You are right to be very concerned, as guarantor you are exposed here, your son needs to be making every effort to resolve this.


----------



## Brendan Burgess (5 Apr 2014)

You should fill in this: 

Standard Format for mortgage arrears and negative equity case studies


----------



## Pet (5 Apr 2014)

Nothing has been paid in the last two years as my son was  on welfare for two years as well as us that is why he went at this time he can only keep himself
Have house since 2007all of us lost our jobs in 2008 paid mortgage until 2012 
With savings and by renting .as I said I am ill and it was to much to look after a the house as all we could it for was €500 per week and then we had to pay tax and trs on it to sink for all this sorry but it seems every thing is going wrong
Sick to death with it not your fault


----------



## Pet (5 Apr 2014)

*Guarantor option*

Hi Brendan thanks but my son has already send in aSFS and all the details that go with it.  we have also.  I talk to the bank on my son behalf.  Any time i was talking to the bank and that is a lot. I had no problem with the way they talked to me they have been nice. And I keep talking to them but nothing seem to be happening . Just giving details all the time .more worried about my home as we have done work on it for when my illness progresses . We are both 60 years old 
Didn't think I would have this worry as well as my illness. Sorry about talking about it .  Thanks


----------



## dewdrop (5 Apr 2014)

I really feel sorry for your situation.  Unfortunately I am not uptodate with the various steps that a bank can take in your position.  However i think it would be a long drawn out process and i reckon that at the end of the day no Judge would see you being evicted from your home which i suspect is your real concern. Try and not worry unduly. You are most likely one of many in this situation.


----------



## Pet (5 Apr 2014)

*Guarantor option*

Thanks dewdrops, yes you are right my home is my worry 
We have not told our son much about the illness as he would come home.
We don't want that, firstly it would make no difference he would have no work and than he would be depressed again, that was the reason for him to go to make a new life ,  we have offered to sell the house and our family said they would help us with some payback on the shortfall.we are not looking for a easy way out ,but looking for the bank to meet us halfway or something so we can keep our home . Regards


----------



## Brendan Burgess (5 Apr 2014)

Hi Pet

You will need to give all of that information to us so that we can advise on the situation.

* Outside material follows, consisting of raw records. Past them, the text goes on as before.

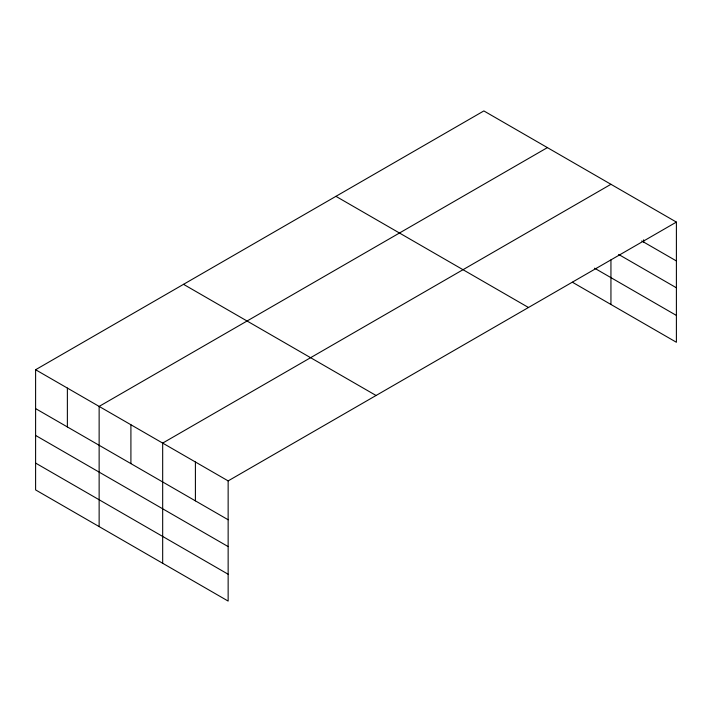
<?xml version="1.0" encoding="UTF-8"?>
<svg xmlns="http://www.w3.org/2000/svg" width="712" height="712" viewBox="0 0 712 712"><rect width="100%" height="100%" fill="white"/><g stroke="black" fill="none" stroke-linecap="round" stroke-linejoin="round"><path stroke-width="1.07" d="M676.4 222.091L483.857 110.93L35.6 369.733L35.6 489.909L228.143 601.07L228.143 480.894L676.4 222.091L676.4 342.267L572.43 282.246M547.394 147.615L99.137 406.41L99.137 526.595M610.941 184.301L162.674 443.095L162.674 563.272M641.743 240.95L676.4 260.957M618.639 254.442L676.4 287.79M594.573 268.193L676.4 315.434M335.93 196.334L528.473 307.495M183.527 284.328L376.07 395.489M35.6 369.733L228.143 480.894M35.6 408.599L228.143 519.76M35.6 435.433L228.143 546.593M35.6 463.076L228.143 574.237M643.666 239.837L643.666 242.062M610.941 259.951L610.941 304.478M195.408 461.999L195.408 500.856M130.91 424.752L130.91 463.619M67.373 388.076L67.373 426.942"/></g></svg>
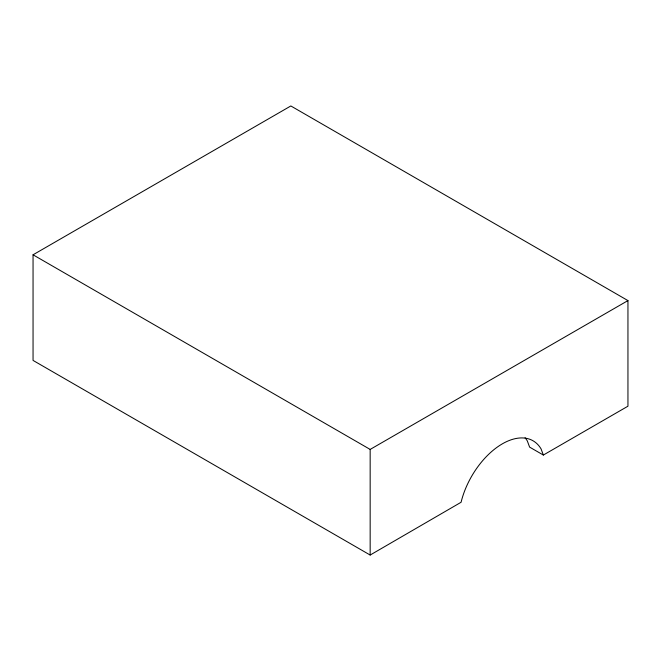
<?xml version="1.0" encoding="UTF-8"?>
<svg xmlns="http://www.w3.org/2000/svg" width="661" height="661" viewBox="0 0 661 661"><rect width="100%" height="100%" fill="white"/><g stroke="black" fill="none" stroke-linecap="round" stroke-linejoin="round"><path stroke-width="0.99" d="M543.35 455.049L541.07 448.918A61.407 35.454 -60 0 0 498.997 445.927A61.407 35.454 -60 0 0 461.081 502.269L370.16 555.042L33.05 360.41L33.05 254.799L290.84 105.958L627.95 300.59L627.95 406.201L543.35 455.049L529.61 447.117L527.338 440.986A61.407 35.454 -60 0 0 525.074 437.747M33.05 254.799L370.16 449.422L627.95 300.59M370.16 449.422L370.16 555.042"/></g></svg>
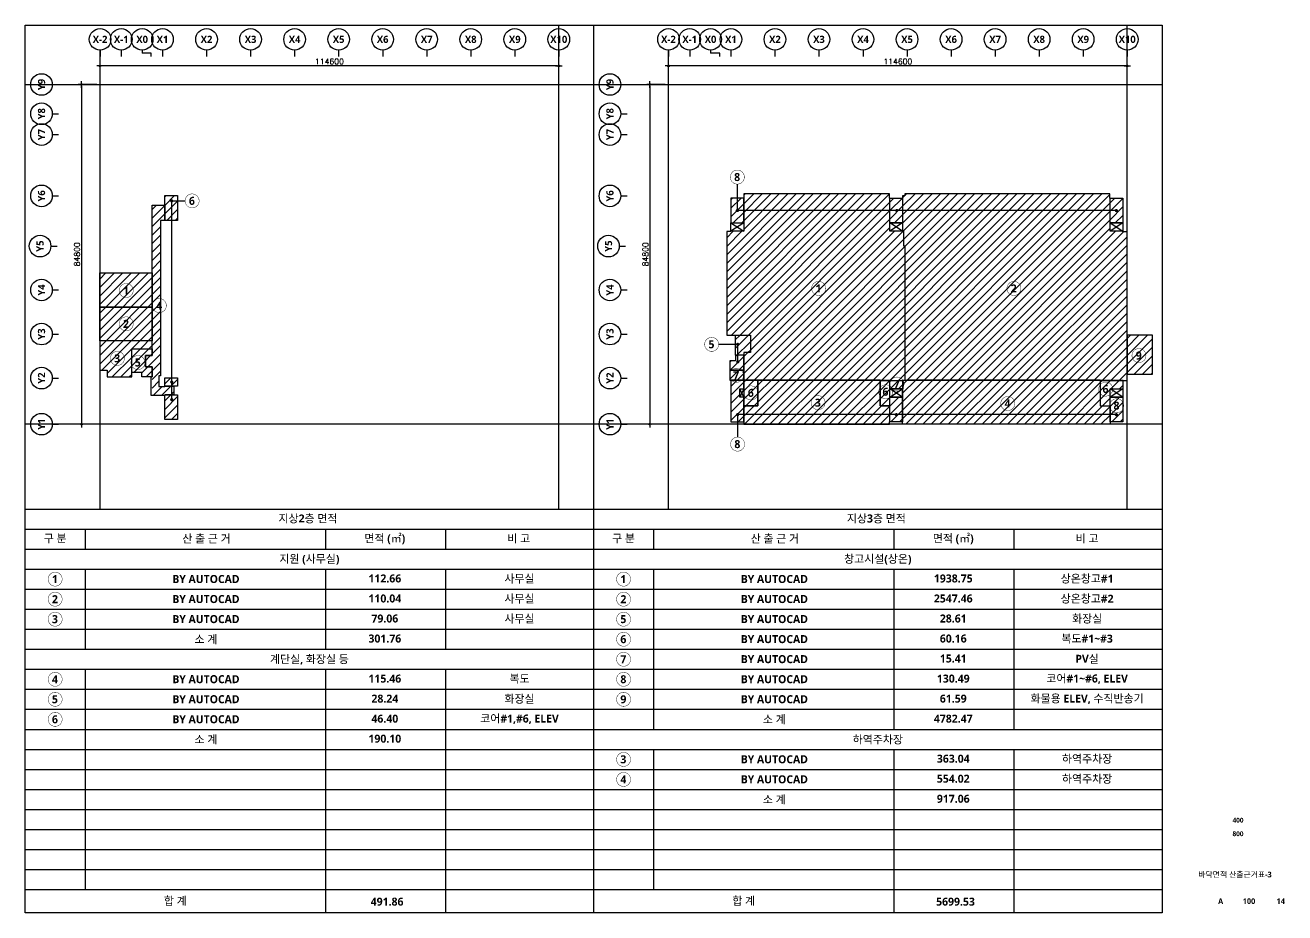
# Model space of a CAD drawing. Header units: millimetres. Extents: x 8000 to 190005487, y 8000 to 455456909.
# Drawn here: x 680000 to 994675, y 8000 to 229600 of the extents above; entities that cross this region are included whole.
import ezdxf
from ezdxf.enums import TextEntityAlignment as Align

# ---------------------------------------------------------------- set-up
doc = ezdxf.new("R2010")
doc.units = ezdxf.units.MM
doc.header["$LTSCALE"] = 800
doc.header["$MEASUREMENT"] = 0
doc.header["$PDSIZE"] = -10
doc.layers.get('0').update_dxf_attribs({"linetype": 'CONTINUOUS'})
doc.layers.get('Defpoints').update_dxf_attribs({"color": 153, "linetype": 'CONTINUOUS'})
for name, color, linetype in [('1-HY', 8, 'CONTINUOUS'), ('8', 8, 'CONTINUOUS'), ('A-ANNO-TEXT2', 3, 'CONTINUOUS'), ('A-ANNO-TITL', 7, 'CONTINUOUS'), ('COL', 2, 'CONTINUOUS'), ('X-SEC-종$0$A-ST-AXIS-BUB', 7, 'CONTINUOUS')]:
    doc.layers.add(name, color=color, linetype=linetype)
doc.layers.add('면적', color=210, linetype='CONTINUOUS', plot=False)
doc.styles.add('SH_대대리576', font='NanumGothicBold.ttf')
doc.styles.get("Standard").update_dxf_attribs({"font": 'SIMPLEX.shx'})
doc.dimstyles.new('사본 SHP 800', dxfattribs={"dimscale": 400, "dimtxt": 3.5, "dimasz": 1, "dimexe": 2, "dimexo": 2, "dimgap": 1, "dimtad": 1, "dimdec": 0, "dimzin": 0, "dimdsep": 46, "dimtxsty": 'Standard', "dimblk": 'DIMDOT', "dimcen": 0.09, "dimclrt": 3, "dimadec": 0, "dimazin": 1, "dimtfac": 1, "dimtdec": 0, "dimtix": 1, "dimtmove": 2, "dimatfit": 0, "dimldrblk": 'DIMDOT', "dimfxl": 1, "dimtfillclr": 3, "dimtolj": 1, "dimtzin": 0, "dimarcsym": 0})
pattern_1 = [(45, (-2359982.4, 1441491.1), (-1060.6602, 1060.6602), [])]

# ---------------------------------------------------------------- blocks, each defined once
blk = doc.blocks.new('X-SEC-종$0$A-ST-AXIS-BUB-1')
at = {"layer": 'X-SEC-종$0$A-ST-AXIS-BUB'}
blk.add_line((0, 350), (0, 0), dxfattribs=at)
blk.add_circle((0, 950), 600, dxfattribs=at)
blk = doc.blocks.new('A$C75C439D1')
at = {"layer": 'X-SEC-종$0$A-ST-AXIS-BUB'}
blk.add_line((1800, 1050, -103000), (1800, 525, -103000), dxfattribs=at)
at = {"layer": 'X-SEC-종$0$A-ST-AXIS-BUB', "elevation": -103000}
blk.add_lwpolyline([(3323, 0), (3323, 525), (1800, 525)], dxfattribs=at)
at = {"layer": 'X-SEC-종$0$A-ST-AXIS-BUB'}
blk.add_circle((1800, 2850, -103000), 1800, dxfattribs=at)
blk = doc.blocks.new('DIMDOT')
at = {"color": 0}
blk.add_line((-2, 0), (2, 0), dxfattribs=at)
for radius in [0.5, 0.25]:
    blk.add_circle((0, 0), radius, dxfattribs=at)
blk = doc.blocks.new('*D111')
at = {"color": 0, "lineweight": -2}
for p, q in [((840705, 215593), (840705, 220241)), ((954905, 219441), (841105, 219441)), ((955305, 215593), (955305, 220241))]:
    blk.add_line(p, q, dxfattribs=at)
at = {"layer": 'Defpoints', "color": 0}
for p in [(840705, 219441), (840705, 214793), (955305, 214793)]:
    blk.add_point(p, dxfattribs=at)
at = {"color": 0, "linetype": 'ByBlock', "lineweight": -2, "xscale": 400, "yscale": 400, "zscale": 400, "rotation": 180}
blk.add_blockref('DIMDOT', (840705, 219441), dxfattribs=at)
at = {"color": 0, "linetype": 'ByBlock', "lineweight": -2, "xscale": 400, "yscale": 400, "zscale": 400}
blk.add_blockref('DIMDOT', (955305, 219441), dxfattribs=at)
at = {"color": 3, "insert": (898005, 220542), "char_height": 1400, "attachment_point": 5}
blk.add_mtext('\\A1;114600', dxfattribs=at)
blk = doc.blocks.new('*D112')
at = {"color": 0, "lineweight": -2}
for p, q in [((839905, 214793), (835257, 214793)), ((836057, 214393), (836057, 130393)), ((839905, 129993), (835257, 129993))]:
    blk.add_line(p, q, dxfattribs=at)
at = {"layer": 'Defpoints', "color": 0}
for p in [(840705, 214793), (836057, 129993), (840705, 129993)]:
    blk.add_point(p, dxfattribs=at)
at = {"color": 0, "linetype": 'ByBlock', "lineweight": -2, "xscale": 400, "yscale": 400, "zscale": 400}
for p, rotation in [((836057, 214793), 90), ((836057, 129993), 270)]:
    blk.add_blockref('DIMDOT', p, dxfattribs=dict(at, rotation=rotation))
at = {"color": 3, "insert": (834956, 172393), "char_height": 1400, "attachment_point": 5, "rotation": 90}
blk.add_mtext('\\A1;84800', dxfattribs=at)
blk = doc.blocks.new('*D113')
at = {"color": 0, "lineweight": -2}
for p, q in [((697905, 214793), (693257, 214793)), ((694057, 214393), (694057, 130393)), ((697905, 129993), (693257, 129993))]:
    blk.add_line(p, q, dxfattribs=at)
at = {"layer": 'Defpoints', "color": 0}
for p in [(698705, 214793), (694057, 129993), (698705, 129993)]:
    blk.add_point(p, dxfattribs=at)
at = {"color": 0, "linetype": 'ByBlock', "lineweight": -2, "xscale": 400, "yscale": 400, "zscale": 400}
for p, rotation in [((694057, 214793), 90), ((694057, 129993), 270)]:
    blk.add_blockref('DIMDOT', p, dxfattribs=dict(at, rotation=rotation))
at = {"color": 3, "insert": (692956, 172393), "char_height": 1400, "attachment_point": 5, "rotation": 90}
blk.add_mtext('\\A1;84800', dxfattribs=at)
blk = doc.blocks.new('*D114')
at = {"color": 0, "lineweight": -2}
for p, q in [((698705, 215593), (698705, 220241)), ((812905, 219441), (699105, 219441)), ((813305, 215593), (813305, 220241))]:
    blk.add_line(p, q, dxfattribs=at)
at = {"layer": 'Defpoints', "color": 0}
for p in [(698705, 219441), (698705, 214793), (813305, 214793)]:
    blk.add_point(p, dxfattribs=at)
at = {"color": 0, "linetype": 'ByBlock', "lineweight": -2, "xscale": 400, "yscale": 400, "zscale": 400, "rotation": 180}
blk.add_blockref('DIMDOT', (698705, 219441), dxfattribs=at)
at = {"color": 0, "linetype": 'ByBlock', "lineweight": -2, "xscale": 400, "yscale": 400, "zscale": 400}
blk.add_blockref('DIMDOT', (813305, 219441), dxfattribs=at)
at = {"color": 3, "insert": (756005, 220542), "char_height": 1400, "attachment_point": 5}
blk.add_mtext('\\A1;114600', dxfattribs=at)

msp = doc.modelspace()

# ---------------------------------------------------------------- hatches: boundary and pattern name
at = {"layer": '1-HY', "transparency": 33554687}
h = msp.add_hatch(dxfattribs=at)
h.set_pattern_fill('ANSI31', color=256, scale=12000)
h.set_pattern_definition(pattern_1)
h.paths.add_polyline_path([(714855.3, 141542.9), (718055.3, 141542.9), (718055.3, 139442.9), (714855.3, 139442.9)])
h.paths.add_polyline_path([(718055.3, 180842.9), (714855.3, 180842.9), (714855.3, 187042.9), (718055.3, 187042.9)])
h.paths.add_polyline_path([(711705.3, 159192.9), (698605.3, 159192.9), (698605.3, 167792.9), (711705.3, 167792.9)])
h.paths.add_polyline_path([(713405.3, 142092.9), (713405.3, 139392.9), (714855.3, 139392.9), (714855.3, 139442.9), (717105.3, 139442.9), (717105.3, 137342.9), (714855.3, 137342.9), (714855.3, 137142.9), (711705.3, 137142.9), (711705.3, 144332.9), (710035.3, 144332.9), (710035.3, 147102.9), (711705.3, 147102.9), (711705.3, 184692.9), (714855.3, 184692.9), (714855.3, 180842.9), (713805.3, 180842.9), (713805.3, 142092.9)])
h.paths.add_polyline_path([(711705.3, 150792.9), (698605.3, 150792.9), (698605.3, 159192.9), (711705.3, 159192.9)])
h.paths.add_polyline_path([(714855.3, 137342.9), (718055.3, 137342.9), (718055.3, 131142.9), (714855.3, 131142.9)])
h.paths.add_polyline_path([(706605.3, 142092.9), (706605.3, 148792.9), (711705.3, 148792.9), (711705.3, 150792.9), (698605.3, 150792.9), (698605.3, 143442.9), (700505.3, 143442.9), (700505.3, 141792.9), (706505.3, 141792.9), (706605.3, 141792.9)])
h.paths.add_polyline_path([(709135.3, 141792.9), (709135.3, 142912.9), (706605.3, 142912.9), (706605.3, 145732.9), (706605.3, 148792.9), (711705.3, 148792.9), (711705.3, 147102.9), (710035.3, 147102.9), (710035.3, 144332.9), (711705.3, 144332.9), (711705.3, 141792.9)])
h = msp.add_hatch(dxfattribs=at)
h.set_pattern_fill('ANSI31', color=256, scale=12000)
h.set_pattern_definition(pattern_1)
h.paths.add_polyline_path([(955255.3, 140992.9), (955255.3, 178017.9), (954205.3, 178017.9), (954205.3, 178142.9), (951005.3, 178142.9), (951005.3, 186442.9), (950955.3, 186442.9), (950955.3, 187492.9), (899755.3, 187492.9), (899755.3, 186992.9), (899205.3, 186992.9), (899205.3, 186442.9), (899205.3, 178142.9), (896005.3, 178142.9), (896005.3, 186442.9), (895955.3, 186442.9), (895955.3, 187492.9), (859555.3, 187492.9), (859555.3, 186442.9), (859505.3, 186442.9), (859505.3, 178142.9), (856305.3, 178142.9), (856305.3, 178092.9), (855255.3, 178092.9), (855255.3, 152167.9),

Is it a tracker mortgage?  What rate?
Which lender?
What rent are you getting? 
What is your son's income?


----------



## Pet (5 Apr 2014)

*Guarantor option*

Hi Brendan
Bank =irish nation wide
Rent =not renting
Mortgage €300000 interest 4.95 €1450 pm

Son income after tax €1900 lives abroad has to pay rent
We don't rent the house anymore only getting €500 pm had to pay tax and TRS
Upkeep of the house it just did not work for us as my illness was getting worst
Dealing with people renting, some times it was hard to get the rent
As we said we are willing to work with the bank , regards


----------



## Brendan Burgess (5 Apr 2014)

Your son's  loan has been sold by IBRC to a vulture fund. 

It is very hard to know what they will do in this case. 

They _might _be happy to settle for the proceeds of the sale of your son's home. 

They could well seek to enforce the guarantee.  To do this

1) They will demand payment of the shortfall from you under the guarantee
2) They will get a judgment against you in the court if you don't pay it
3) They will lodge the judgment against your home as a mortgage 
4) They could seek repossession of your home to pay off the judgment mortgage 

Irish Nationwide's paperwork was notoriously badly done. You will need to consult a solicitor immediately to check all the paperwork to see if the guarantee is valid. 

My gut feeling, and it's only a gut feeling, is that they will get a judgement against you and lodge it against your home. But they won't go any further than that.  If you ever sell your home, they would be entitled to have the judgement + interest paid out of the proceeds of sale. 

That would be a fair solution. You get to keep your home, but you won't be able to move.


----------



## Pet (5 Apr 2014)

*Guarantor option*

Hi Brendan,
Thanks very much for that intake,

As I said our family will try and do some deal with the shortfall if the banks agree we do not expect to pay nothing . All I ask is to let us keep our house,

Kind regards Brendan
 Pet


----------



## Springsteen (6 Apr 2014)

Pet,

Get professional advice and representation immediately. Having someone in control of the situation will immediately reduce the stress you must be under, and that can only benefit your health.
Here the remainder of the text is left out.